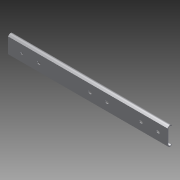
# Autodesk Inventor part: MICHAUD CHAILLY B3 - 21 - 30 - 1
Saved by Autodesk Inventor 2011 SP1 (Build 150282100, 282)
## iProperties
Created: 2012-12-20
Part Number: MICHAUD CHAILLY B3 - 21 - 30 - 1
Catalog Web Link: www.cadenas.de
Description: Modèle B3-21-1-GLISSIERE DOUBLE COURSE 75%
Vendor: EMILEMAURIN
Document SubType Name: Modeling
Designer: PARTuser1
Manufacturer: EMILEMAURIN
Density: 1 g/cm^3
Category: PARTsolutions
Company: EMILEMAURIN
Title: MICHAUD CHAILLY B3 - 21 - 30 - 1
Author: Cadenas PARTsolutions
Comments: GLISSIERE DOUBLE COURSE 75%
PSOL_IDENT_0: {\\10.0.0.242\data_v9\23d-libs\michaud_chailly_transmission\guidage\autres_composants\glissieres_a_b
PSOL_IDENT_1: illes\b3_21\b3_21_1.prj},214 {VTYP=3D},{NB=MICHAUD CHAILLY B3 - 21 - 30 - 1},{LINA=MICHAUD CHAILLY B
PSOL_IDENT_2: 3 - 21 - 30 - 1},{NN=Modèle B3-21-1},{DATE=11.03.2011 14:16:37},{GEOMDATE=10.04.2007 10:37:00},{VERS
PSOL_IDENT_3: ION=},{LINEID=20},{LINESUBID=-1},{WBVAR=}  {NB=michaud_chailly_B3 - 21 - 30_1},{LINA=MICHAUD CHAILLY
PSOL_IDENT_4: B3 - 21 - 30 - 1},{KT=DUMMY},{REF=B3 - 21 - 30},{L=300},{L1=152.900},{L2=184.900},{L3=248.900},{L4=
PSOL_IDENT_5: 280.900}
CNS_NT: GLISSIERE DOUBLE COURSE 75%
CNS_NB: michaud_chailly_B3 - 21 - 30_1
CNS_NBSYN: michaud_chailly_$REF._1
CNS_LINA: MICHAUD CHAILLY B3 - 21 - 30 - 1
CNS_REF: B3 - 21 - 30
CNS_L: 300
CNS_L1: 152.900
CNS_L2: 184.900
CNS_L3: 248.900
CNS_L4: 280.900
SUPPLIER: EMILEMAURIN
ARTICLENO: MICHAUD CHAILLY B3 - 21 - 30 - 1
BOMINFO: MICHAUD CHAILLY B3 - 21 - 30 - 1
CREATOR: CADENAS GmbH
Autodesk Inventor part; units mm, degrees
sketch "Esquisse_1" plane through (0, 0, 0) normal (1, 0, 0) x (0, 1, 0)
  arc A0 (8.5002, 15.4448) -> (1.9449, 16.4446) centre (4.8548, 13.5338) ccw
  line L0 (1.9449, 16.4446) -> (0, 14.5)
  line L1 (0, 14.5) -> (0, -14.5)
  line L2 (0, -14.5) -> (1.9449, -16.4446)
  arc A1 (1.9449, -16.4446) -> (8.5001, -15.4451) centre (4.8548, -13.5338) ccw
  line L3 (8.5001, -15.4451) -> (7.1713, -14.7492)
  arc A2 (3.0052, -15.3838) -> (7.1713, -14.7492) centre (4.8548, -13.5337) ccw
  line L4 (3.0052, -15.3838) -> (1.5, -13.879)
  line L5 (1.5, -13.879) -> (1.5, 13.879)
  line L6 (1.5, 13.879) -> (3.0052, 15.3838)
  arc A3 (7.1713, 14.7492) -> (3.0052, 15.3838) centre (4.8548, 13.5337) ccw
  line L7 (7.1713, 14.7492) -> (8.5002, 15.4448)
  constraints: 16 end point, 8 point on circle, 4 centre point
extrude "Extrusion1" add sketch "Esquisse_1" along normal blind 300
sketch "Sketch2" plane through (0, 0, -14.5) normal (0, -1, 0) x (1, 0, 0)
  point P0 (26, 14.5)
hole "Drilling 1" at (26, 0, 0) direction (0, 1, 0) diameter 4.3 depth 1.5
sketch "Esquisse_3" plane through (0, 0, 0) normal (0, 1, 0) x (-1, 0, 0)
  arc A0 (-56.9, -2.15) -> (-56.9, 2.15) centre (-56.9, 0) ccw
  line L0 (-56.9, 2.15) -> (-59.1, 2.15)
  arc A1 (-59.1, 2.15) -> (-59.1, -2.15) centre (-59.1, 0) ccw
  line L1 (-59.1, -2.15) -> (-56.9, -2.15)
  constraints: 4 end point, 4 point on circle, 2 centre point
extrude "Extrusion2" cut sketch "Esquisse_3" along normal blind 1.5
sketch "Esquisse_4" plane through (0, 0, 0) normal (0, 1, 0) x (-1, 0, 0)
  arc A0 (-152.9, -2.15) -> (-152.9, 2.15) centre (-152.9, 0) ccw
  line L0 (-152.9, 2.15) -> (-155.1, 2.15)
  arc A1 (-155.1, 2.15) -> (-155.1, -2.15) centre (-155.1, 0) ccw
  line L1 (-155.1, -2.15) -> (-152.9, -2.15)
  constraints: 4 end point, 4 point on circle, 2 centre point
extrude "Extrusion3" cut sketch "Esquisse_4" along normal blind 1.5
sketch "Esquisse_5" plane through (0, 0, 0) normal (0, 1, 0) x (-1, 0, 0)
  arc A0 (-184.9, -2.15) -> (-184.9, 2.15) centre (-184.9, 0) ccw
  line L0 (-184.9, 2.15) -> (-187.1, 2.15)
  arc A1 (-187.1, 2.15) -> (-187.1, -2.15) centre (-187.1, 0) ccw
  line L1 (-187.1, -2.15) -> (-184.9, -2.15)
  constraints: 4 end point, 4 point on circle, 2 centre point
extrude "Extrusion4" cut sketch "Esquisse_5" along normal blind 1.5
sketch "Esquisse_6" plane through (0, 0, 0) normal (0, 1, 0) x (-1, 0, 0)
  arc A0 (-248.9, -2.15) -> (-248.9, 2.15) centre (-248.9, 0) ccw
  line L0 (-248.9, 2.15) -> (-251.1, 2.15)
  arc A1 (-251.1, 2.15) -> (-251.1, -2.15) centre (-251.1, 0) ccw
  line L1 (-251.1, -2.15) -> (-248.9, -2.15)
  constraints: 4 end point, 4 point on circle, 2 centre point
extrude "Extrusion5" cut sketch "Esquisse_6" along normal blind 1.5
sketch "Esquisse_7" plane through (0, 0, 0) normal (0, 1, 0) x (-1, 0, 0)
  arc A0 (-280.9, -2.15) -> (-280.9, 2.15) centre (-280.9, 0) ccw
  line L0 (-280.9, 2.15) -> (-283.1, 2.15)
  arc A1 (-283.1, 2.15) -> (-283.1, -2.15) centre (-283.1, 0) ccw
  line L1 (-283.1, -2.15) -> (-280.9, -2.15)
  constraints: 4 end point, 4 point on circle, 2 centre point
extrude "Extrusion6" cut sketch "Esquisse_7" along normal blind 1.5
ref_plane "IP0_XY" through (0, 0, 0) normal (-1, 0, 0) x (0, 0, -1)
ref_plane "IP0_YZ" through (0, 0, 0) normal (0, 0, -1) x (0, -1, 0)
ref_plane "IP0_ZX" through (0, 0, 0) normal (0, -1, 0) x (-1, 0, 0)
ref_plane "IP1_XY" through (2.5, 0, 0) normal (1, 0, 0) x (0, 0, -1)
ref_plane "IP1_YZ" through (2.5, 0, 0) normal (0, 0, -1) x (0, 1, 0)
ref_plane "IP1_ZX" through (2.5, 0, 0) normal (0, 1, 0) x (1, 0, 0)
body "Solid1"

§ Task objective:
Copy each line of the listing that holds the word "Inventor".

§ Finished exercise:
# Autodesk Inventor part: MICHAUD CHAILLY B3 - 21 - 30 - 1
Saved by Autodesk Inventor 2011 SP1 (Build 150282100, 282)
Autodesk Inventor part; units mm, degrees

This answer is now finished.